Hünerbein-Ahlers: Wenn man jetzt nichts macht, wird es später viel teurer. Früher sprach man bei Wetterextremen von Jahrhundertereignissen. Heute ist das überhaupt nicht mehr vorhersagbar.

KB: Haben Sie Beispiele, wie der Klimanotstand zum Tragen kommen könnte?

Röhr: Beispielsweise in Form einer effizienten Bauweise städtischer Gebäude, aber auch bei Verkehrskonzepten. Soll das Auto weiter Vorrang haben und die Radfahrer an den Rand gedrückt werden? Ein gutes Beispiel ist die Debatte um das kostenlose Kurzzeitparken, die „Brötchentaste“, die es in Kevelaer nicht gibt. Muss man wirklich zum Bäcker mit dem Auto fahren? Uns ist wichtig, dass diese Entscheidungen von Fachleuten geprüft werden. Wenn wir die Innenstadt für Autos sperren, ist das infolge der Umwege für das Klima vielleicht sogar schädlich? Das kann ich als ehrenamtliches Ratsmitglied nicht selbst beurteilen.

Hünerbein-Ahlers: In Keylaer entsteht eine energieautarke Klimaschutzsiedlung. Eine ähnliche Bauweise könnte man auch auf städtischen Grundstücken vorschreiben. Andere Städte haben Straßen zu Einbahnstraßen gemacht und eine Spur zu Radwegen. Wir müssen das Rad ja nicht neu erfinden.

Röhr: Bei der Straßenplanung könnte die Stadt die Vernetzung von Grünstreifen berücksichtigen, denn nur dann haben sie ökologisch einen Sinn.

Hünerbein-Ahlers: Im Betriebsausschuss wurde über E-Bürgerbusse diskutiert. Das Problem ist, dass die dann zu schwer würden und Fahrer mit Pkw-Führerschein sie nicht mehr fahren dürften. Aber es ist zumindest drüber nachgedacht worden – darum geht es uns. Außerdem wollen wir die Menschen für die Dringlichkeit sensibilisieren, denn auch jeder Bürger kann natürlich etwas tun.

KB: Sie haben es selbst angesprochen: In Kevelaer passiert doch schon viel für den Klimaschutz. Braucht es da den Klimanotstand?
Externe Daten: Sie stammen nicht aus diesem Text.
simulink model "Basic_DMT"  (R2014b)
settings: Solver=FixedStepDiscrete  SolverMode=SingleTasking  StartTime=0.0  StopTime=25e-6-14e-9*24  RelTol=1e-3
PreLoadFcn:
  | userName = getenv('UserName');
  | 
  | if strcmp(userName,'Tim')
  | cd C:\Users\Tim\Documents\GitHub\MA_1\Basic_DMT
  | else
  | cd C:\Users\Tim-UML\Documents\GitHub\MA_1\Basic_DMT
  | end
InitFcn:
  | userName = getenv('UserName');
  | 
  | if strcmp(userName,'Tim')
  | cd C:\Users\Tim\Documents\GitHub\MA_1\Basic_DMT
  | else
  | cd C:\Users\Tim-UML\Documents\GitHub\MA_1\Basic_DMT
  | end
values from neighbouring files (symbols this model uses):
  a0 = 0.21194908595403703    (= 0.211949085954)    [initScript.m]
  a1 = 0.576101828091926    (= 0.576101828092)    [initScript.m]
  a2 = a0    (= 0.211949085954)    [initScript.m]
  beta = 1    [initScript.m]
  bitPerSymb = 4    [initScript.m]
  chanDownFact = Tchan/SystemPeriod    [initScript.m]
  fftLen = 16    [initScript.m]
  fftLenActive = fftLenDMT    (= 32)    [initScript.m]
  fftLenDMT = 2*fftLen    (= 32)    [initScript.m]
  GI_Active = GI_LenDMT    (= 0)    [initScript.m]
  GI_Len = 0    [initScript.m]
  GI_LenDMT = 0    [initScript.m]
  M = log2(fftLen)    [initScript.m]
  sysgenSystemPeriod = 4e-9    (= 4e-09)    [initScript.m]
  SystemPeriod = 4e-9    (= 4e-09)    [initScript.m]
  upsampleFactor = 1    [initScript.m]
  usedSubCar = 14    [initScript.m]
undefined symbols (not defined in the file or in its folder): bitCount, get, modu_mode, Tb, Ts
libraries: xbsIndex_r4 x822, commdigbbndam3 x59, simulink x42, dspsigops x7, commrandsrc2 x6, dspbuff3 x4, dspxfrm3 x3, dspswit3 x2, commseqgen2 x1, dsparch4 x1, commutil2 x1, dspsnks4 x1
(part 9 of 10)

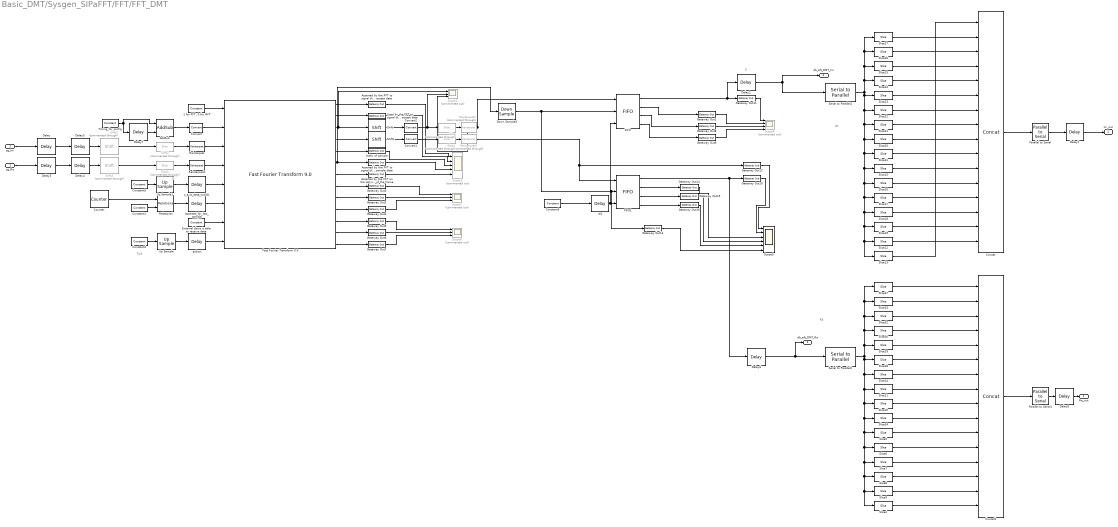
== system Basic_DMT/Sysgen_SIPaFFT/FFT/FFT_DMT ==
  note: 5
  note: IM
  note: RE
  note: 6
  note: Ts/3
  sg_Re : Inport
  sg_Im : Inport  Port=2
  "1 for FFT, 0 for IFFT " : xbsIndex_r4/Constant  const=1  gui_display_data_type=Fixed-point  arith_type=Unsigned  n_bits=1  bin_pt=0  preci_type=Single  exp_width=8  frac_width=24  explicit_period=on  period=Ts  equ=P=C  opselect=C  inp2=PCIN>>17  opr=+  inp1=P  carry=CIN  dbl_ovrd=off  block_type=constant
  AddSub : xbsIndex_r4/AddSub  mode=Subtraction  use_carryin=off  use_carryout=off  en=off  latency=0  precision=User Defined  arith_type=Unsigned  n_bits=1  bin_pt=0  quantization=Truncate  overflow=Wrap  use_behavioral_HDL=off  hw_selection=Fabric  pipelined=off  dbl_ovrd=off  block_type=addsub
  "Asserted by the FFT on the last sample of the frame " : xbsIndex_r4/Gateway Out  inherit_from_input=off  hdl_port=off  rows=1  columns=1  UseAsDAC=off  DACChannel='1'  interface=None  automatic_assignment=on  address_offset=hex2dec('00')  intf_description=''  timing_constraint=None  locs_specified=off  LOCs={}  io_standard={}  block_type=gatewayout
  "Asserted by the FFT to signal that it is ready to accept data " : xbsIndex_r4/Gateway Out  inherit_from_input=off  hdl_port=off  rows=1  columns=1  UseAsDAC=off  DACChannel='1'  interface=None  automatic_assignment=on  address_offset=hex2dec('00')  intf_description=''  timing_constraint=None  locs_specified=off  LOCs={}  io_standard={}  block_type=gatewayout
  Asserted by the FFT to signal that it is ready to provide sample data : xbsIndex_r4/Gateway Out  inherit_from_input=off  hdl_port=off  rows=1  columns=1  UseAsDAC=off  DACChannel='1'  interface=None  automatic_assignment=on  address_offset=hex2dec('00')  intf_description=''  timing_constraint=None  locs_specified=off  LOCs={}  io_standard={}  block_type=gatewayout
  Asserted_for_last_sample : xbsIndex_r4/Delay  rst=off  infoeditControl=Selection of Reset will increase slice count due to use of real FFs and instead of SRLs  en=off  latency=1  reg_retiming=off  dbl_ovrd=off  block_type=delay
  Concat : xbsIndex_r4/Concat  num_inputs=16  dbl_ovrd=off  block_type=concat
  Concat1 : xbsIndex_r4/Concat  num_inputs=16  dbl_ovrd=off  block_type=concat
  Constant1 : xbsIndex_r4/Constant  const=fftLenDMT-1  gui_display_data_type=Fixed-point  arith_type=Unsigned  n_bits=log2(fftLenDMT)  bin_pt=0  preci_type=Single  exp_width=8  frac_width=24  explicit_period=on  period=Ts*usedSubCar*bitPerSymb/fftLenDMT  equ=P=C  opselect=C  inp2=PCIN>>17  opr=+  inp1=P  carry=CIN  dbl_ovrd=off  block_type=constant
  Constant3 : xbsIndex_r4/Constant  const=1  gui_display_data_type=Boolean  arith_type=Boolean  n_bits=1  bin_pt=0  preci_type=Single  exp_width=8  frac_width=24  explicit_period=on  period=Ts*usedSubCar*bitPerSymb/fftLenDMT  equ=P=C  opselect=C  inp2=PCIN>>17  opr=+  inp1=P  carry=CIN  dbl_ovrd=off  block_type=constant
  Constant4 : xbsIndex_r4/Constant  const=1  gui_display_data_type=Boolean  arith_type=Boolean  n_bits=1  bin_pt=0  preci_type=Single  exp_width=8  frac_width=24  explicit_period=on  period=sysgenSystemPeriod*2  equ=P=C  opselect=C  inp2=PCIN>>17  opr=+  inp1=P  carry=CIN  dbl_ovrd=off  block_type=constant
  Constant5 : xbsIndex_r4/Constant  const=1  gui_display_data_type=Boolean  arith_type=Boolean  n_bits=1  bin_pt=0  preci_type=Single  exp_width=8  frac_width=24  explicit_period=on  period=Ts*usedSubCar*bitPerSymb/fftLenDMT  equ=P=C  opselect=C  inp2=PCIN>>17  opr=+  inp1=P  carry=CIN  dbl_ovrd=off  block_type=constant
  Convert : xbsIndex_r4/Convert  gui_display_data_type=Boolean  arith_type=Boolean  n_bits=1  bin_pt=0  float_type=Single  exp_bits=8  fraction_bits=24  quantization=Truncate  overflow=Wrap  en=off  latency=1  pipeline=off  dbl_ovrd=off  block_type=convert
  Convert1 : xbsIndex_r4/Convert  gui_display_data_type=Fixed-point  arith_type="Signed  (2's comp)"  n_bits=bitCount+(log2(fftLen)+1)*2  bin_pt=fracLen  float_type=Single  exp_bits=8  fraction_bits=24  quantization="Round  (unbiased: +/- Inf)"  overflow=Saturate  en=off  latency=0  pipeline=off  dbl_ovrd=off  block_type=convert
  Convert2 : xbsIndex_r4/Convert  gui_display_data_type=Fixed-point  arith_type="Signed  (2's comp)"  n_bits=bitCount+(log2(fftLen)+1)*2  bin_pt=fracLen  float_type=Single  exp_bits=8  fraction_bits=24  quantization="Round  (unbiased: +/- Inf)"  overflow=Saturate  en=off  latency=0  pipeline=off  dbl_ovrd=off  block_type=convert
  Counter : xbsIndex_r4/Counter  cnt_type=Count Limited  cnt_to=fftLenDMT-1  operation=Up  start_count=0  cnt_by_val=1  arith_type=Unsigned  n_bits=log2(fftLenDMT)  bin_pt=0  load_pin=off  rst=off  en=off  explicit_period=on  period=Ts*usedSubCar*bitPerSymb/fftLenDMT  use_behavioral_HDL=off  implementation=Fabric  dbl_ovrd=off  block_type=counter
  Delay : xbsIndex_r4/Delay  rst=off  infoeditControl=Selection of Reset will increase slice count due to use of real FFs and instead of SRLs  en=off  latency=1  reg_retiming=off  dbl_ovrd=off  block_type=delay
  Delay1 : xbsIndex_r4/Delay  rst=off  infoeditControl=Selection of Reset will increase slice count due to use of real FFs and instead of SRLs  en=off  latency=3  reg_retiming=off  dbl_ovrd=off  block_type=delay
  Delay2 : xbsIndex_r4/Delay  rst=off  infoeditControl=Selection of Reset will increase slice count due to use of real FFs and instead of SRLs  en=off  latency=6  reg_retiming=off  dbl_ovrd=off  block_type=delay
  Delay3 : xbsIndex_r4/Delay  rst=off  infoeditControl=Selection of Reset will increase slice count due to use of real FFs and instead of SRLs  en=off  latency=1  reg_retiming=off  dbl_ovrd=off  block_type=delay
  Delay4 : xbsIndex_r4/Delay  rst=off  infoeditControl=Selection of Reset will increase slice count due to use of real FFs and instead of SRLs  en=off  latency=16  reg_retiming=off  dbl_ovrd=off  block_type=delay
  Delay5 : xbsIndex_r4/Delay  rst=off  infoeditControl=Selection of Reset will increase slice count due to use of real FFs and instead of SRLs  en=off  latency=16  reg_retiming=off  dbl_ovrd=off  block_type=delay
  Delay6 : xbsIndex_r4/Delay  rst=off  infoeditControl=Selection of Reset will increase slice count due to use of real FFs and instead of SRLs  en=off  latency=6  reg_retiming=off  dbl_ovrd=off  block_type=delay
  Delay7 : xbsIndex_r4/Delay  rst=off  infoeditControl=Selection of Reset will increase slice count due to use of real FFs and instead of SRLs  en=off  latency=1  reg_retiming=off  dbl_ovrd=off  block_type=delay
  Delay8 : xbsIndex_r4/Delay  rst=off  infoeditControl=Selection of Reset will increase slice count due to use of real FFs and instead of SRLs  en=off  latency=3  reg_retiming=off  dbl_ovrd=off  block_type=delay
  Down Sample5 : xbsIndex_r4/Down Sample  sample_ratio=2  sample_phase=First Value of Frame  en=off  rst=off  latency=0  dbl_ovrd=off  block_type=dsamp
  "Externel slave is able to receive data " : xbsIndex_r4/Constant  const=1  gui_display_data_type=Boolean  arith_type=Boolean  n_bits=1  bin_pt=0  preci_type=Single  exp_width=8  frac_width=24  explicit_period=on  period=Ts  equ=P=C  opselect=C  inp2=PCIN>>17  opr=+  inp1=P  carry=CIN  dbl_ovrd=off  block_type=constant
  FIFO : xbsIndex_r4/FIFO  mem_type=Block RAM  performance_options=Standard_FIFO  embedded_registers=off  depth=32  percent_nbits=4  rst=off  rst_latency=1  en=off  use_dcount=off  use_percent_full_port=on  use_almost_empty=off  almost_empty_thresh=2  use_almost_full=off  almost_full_thresh=14  explicit_period=off  dbl_ovrd=off  block_type=fifo
  FIFO1 : xbsIndex_r4/FIFO  mem_type=Block RAM  performance_options=Standard_FIFO  embedded_registers=off  depth=32  percent_nbits=4  rst=off  rst_latency=1  en=off  use_dcount=off  use_percent_full_port=on  use_almost_empty=off  almost_empty_thresh=2  use_almost_full=off  almost_full_thresh=14  explicit_period=off  dbl_ovrd=off  block_type=fifo
  "Fast Fourier Transform 9.0 " : xbsIndex_r4/Fast Fourier Transform 9.0   transform_length=32  target_clock_frequency=250  target_data_throughput=50  implementation_options=pipelined_streaming_io  run_time_configurable_transform_length=off  phase_factor_width=20  scaling_options=unscaled  rounding_modes=convergent_rounding  aclken=on  aresetn=off  cyclic_prefix_insertion=off  output_ordering=natural_order  throttle_scheme=nonrealtime  xk_index=on  ovflo=off  trim_axipin_name=off  memory_options_data=block_ram  memory_options_phase_factors=block_ram  number_of_stages_using_block_ram_for_data_and_phase_factors=0  memory_options_reorder=block_ram  memory_options_hybrid=off  complex_mult_type=use_mults_resources  butterfly_type=use_xtremedsp_slices  channels=1  input_ordering=natural_order  input_width=16  ip_name=Fast Fourier Transform  ip_version=9.0  dsptool_ready=true  ipcore_usecache=true  ipcore_useipmodelcache=true  wrapper_available=true  port_translation_map={ 'aclken' => 'en', 'aresetn' => 'rst'}  data_format=fixed_point  block_type=xfft_v9_0
  Gateway Out{1..16} (16 alike) : xbsIndex_r4/Gateway Out  inherit_from_input=off  hdl_port=off  rows=1  columns=1  UseAsDAC=off  DACChannel='1'  interface=None  automatic_assignment=on  address_offset=hex2dec('00')  intf_description=''  timing_constraint=None  locs_specified=off  LOCs={}  io_standard={}  block_type=gatewayout
  Index of sample : xbsIndex_r4/Gateway Out  inherit_from_input=off  hdl_port=off  rows=1  columns=1  UseAsDAC=off  DACChannel='1'  interface=None  automatic_assignment=on  address_offset=hex2dec('00')  intf_description=''  timing_constraint=None  locs_specified=off  LOCs={}  io_standard={}  block_type=gatewayout
  Parallel to Serial : xbsIndex_r4/Parallel to Serial  output_order=Most Significant Word First  arith_type=Unsigned  output_bits=(bitCount+(log2(fftLen)+1)*2)  bin_pt=0  rst=off  en=off  latency=1  dbl_ovrd=off  block_type=p2s
      settings: infoedit=Each sample presented at the input becomes several samples presented serially at the output.
  Parallel to Serial1 : xbsIndex_r4/Parallel to Serial  output_order=Most Significant Word First  arith_type=Unsigned  output_bits=(bitCount+(log2(fftLen)+1)*2)  bin_pt=0  rst=off  en=off  latency=1  dbl_ovrd=off  block_type=p2s
      settings: infoedit=Each sample presented at the input becomes several samples presented serially at the output.
  Reinterpret : xbsIndex_r4/Reinterpret  force_arith_type=on  arith_type="Signed  (2's comp)"  force_bin_pt=on  bin_pt=bitCount-1+log2(fftLen)+1  block_type=reinterpret
  Reinterpret1 : xbsIndex_r4/Reinterpret  force_arith_type=on  arith_type="Signed  (2's comp)"  force_bin_pt=on  bin_pt=bitCount-1+log2(fftLen)+1  block_type=reinterpret
  Reinterpret2 : xbsIndex_r4/Reinterpret  Commented=through  force_arith_type=on  arith_type="Signed  (2's comp)"  force_bin_pt=on  bin_pt=fracLen  block_type=reinterpret
  Reinterpret3 : xbsIndex_r4/Reinterpret  Commented=through  force_arith_type=on  arith_type="Signed  (2's comp)"  force_bin_pt=on  bin_pt=fracLen  block_type=reinterpret
  Relational : xbsIndex_r4/Relational  mode=a=b  op_type=Bool  en=off  latency=0  dbl_ovrd=off  block_type=relational
  Scope1 : Scope  Commented=on  NumInputPorts=3
      settings: YMin=-5~-5~-5  YMax=5~5~5  SaveName=ScopeData42
  Scope2 : Scope  Commented=on  NumInputPorts=3
      settings: YMin=-5~-5~-5  YMax=5~5~5  SaveName=ScopeData49
  Scope3 : Scope  Commented=on  NumInputPorts=5
      settings: YMin=-5~-5~-5~-5~-5  YMax=5~5~5~5~5  SaveName=ScopeData51
  Scope4 : Scope  Commented=on  NumInputPorts=4
      settings: YMin=-5~-5~-5~-5  YMax=5~5~5~5  SaveName=ScopeData55
  Scope5 : Scope  NumInputPorts=6
      settings: YMin=-5~-5~-5~-5~-5~-5  YMax=5~5~5~5~5~5  SaveName=ScopeData56
  Scope8 : Scope  Commented=on  NumInputPorts=3
      settings: YMin=-5~-5~-5  YMax=5~5~5  SaveName=ScopeData57
  Serial to Parallel1 : xbsIndex_r4/Serial to Parallel  input_order=Most Significant Word First  arith_type=Unsigned  output_bits=(bitCount+(log2(fftLen)+1)*2)*fftLenDMT  bin_pt=0  rst=off  en=off  latency=1  dbl_ovrd=off  block_type=s2p
      settings: infoedit=Groups of samples presented serially at the input become single samples presented at the output.
  Serial to Parallel2 : xbsIndex_r4/Serial to Parallel  input_order=Most Significant Word First  arith_type=Unsigned  output_bits=(bitCount+(log2(fftLen)+1)*2)*fftLenDMT  bin_pt=0  rst=off  en=off  latency=1  dbl_ovrd=off  block_type=s2p
      settings: infoedit=Groups of samples presented serially at the input become single samples presented at the output.
  Shift : xbsIndex_r4/Shift  shift_dir=Left  shift_bits=2  en=off  latency=0  precision=Full  arith_type="Signed  (2's comp)"  n_bits=13  bin_pt=4  quantization="Round  (unbiased: +/- Inf)"  overflow=Saturate  dbl_ovrd=off  block_type=shift
  Shift1 : xbsIndex_r4/Shift  shift_dir=Left  shift_bits=2  en=off  latency=0  precision=Full  arith_type="Signed  (2's comp)"  n_bits=13  bin_pt=4  quantization="Round  (unbiased: +/- Inf)"  overflow=Saturate  dbl_ovrd=off  block_type=shift
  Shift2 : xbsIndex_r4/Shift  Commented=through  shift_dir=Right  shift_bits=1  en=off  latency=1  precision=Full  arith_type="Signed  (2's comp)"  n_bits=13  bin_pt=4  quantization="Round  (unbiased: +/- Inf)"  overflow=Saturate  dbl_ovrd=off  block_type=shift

Hünerbein-Ahlers: In Kevelaer wurden viele gute Sachen auf den Weg gebracht oder sind schon erfolgt. Mit dem Antrag wollen wir diesen Weg weitergehen, das Ziel im Auge behalten. Und wir zeigen den jungen Leuten damit: Wir nehmen euch ernst! Darum ist unsere Bitte an alle Fraktionen im Rat, dem Antrag zuzustimmen.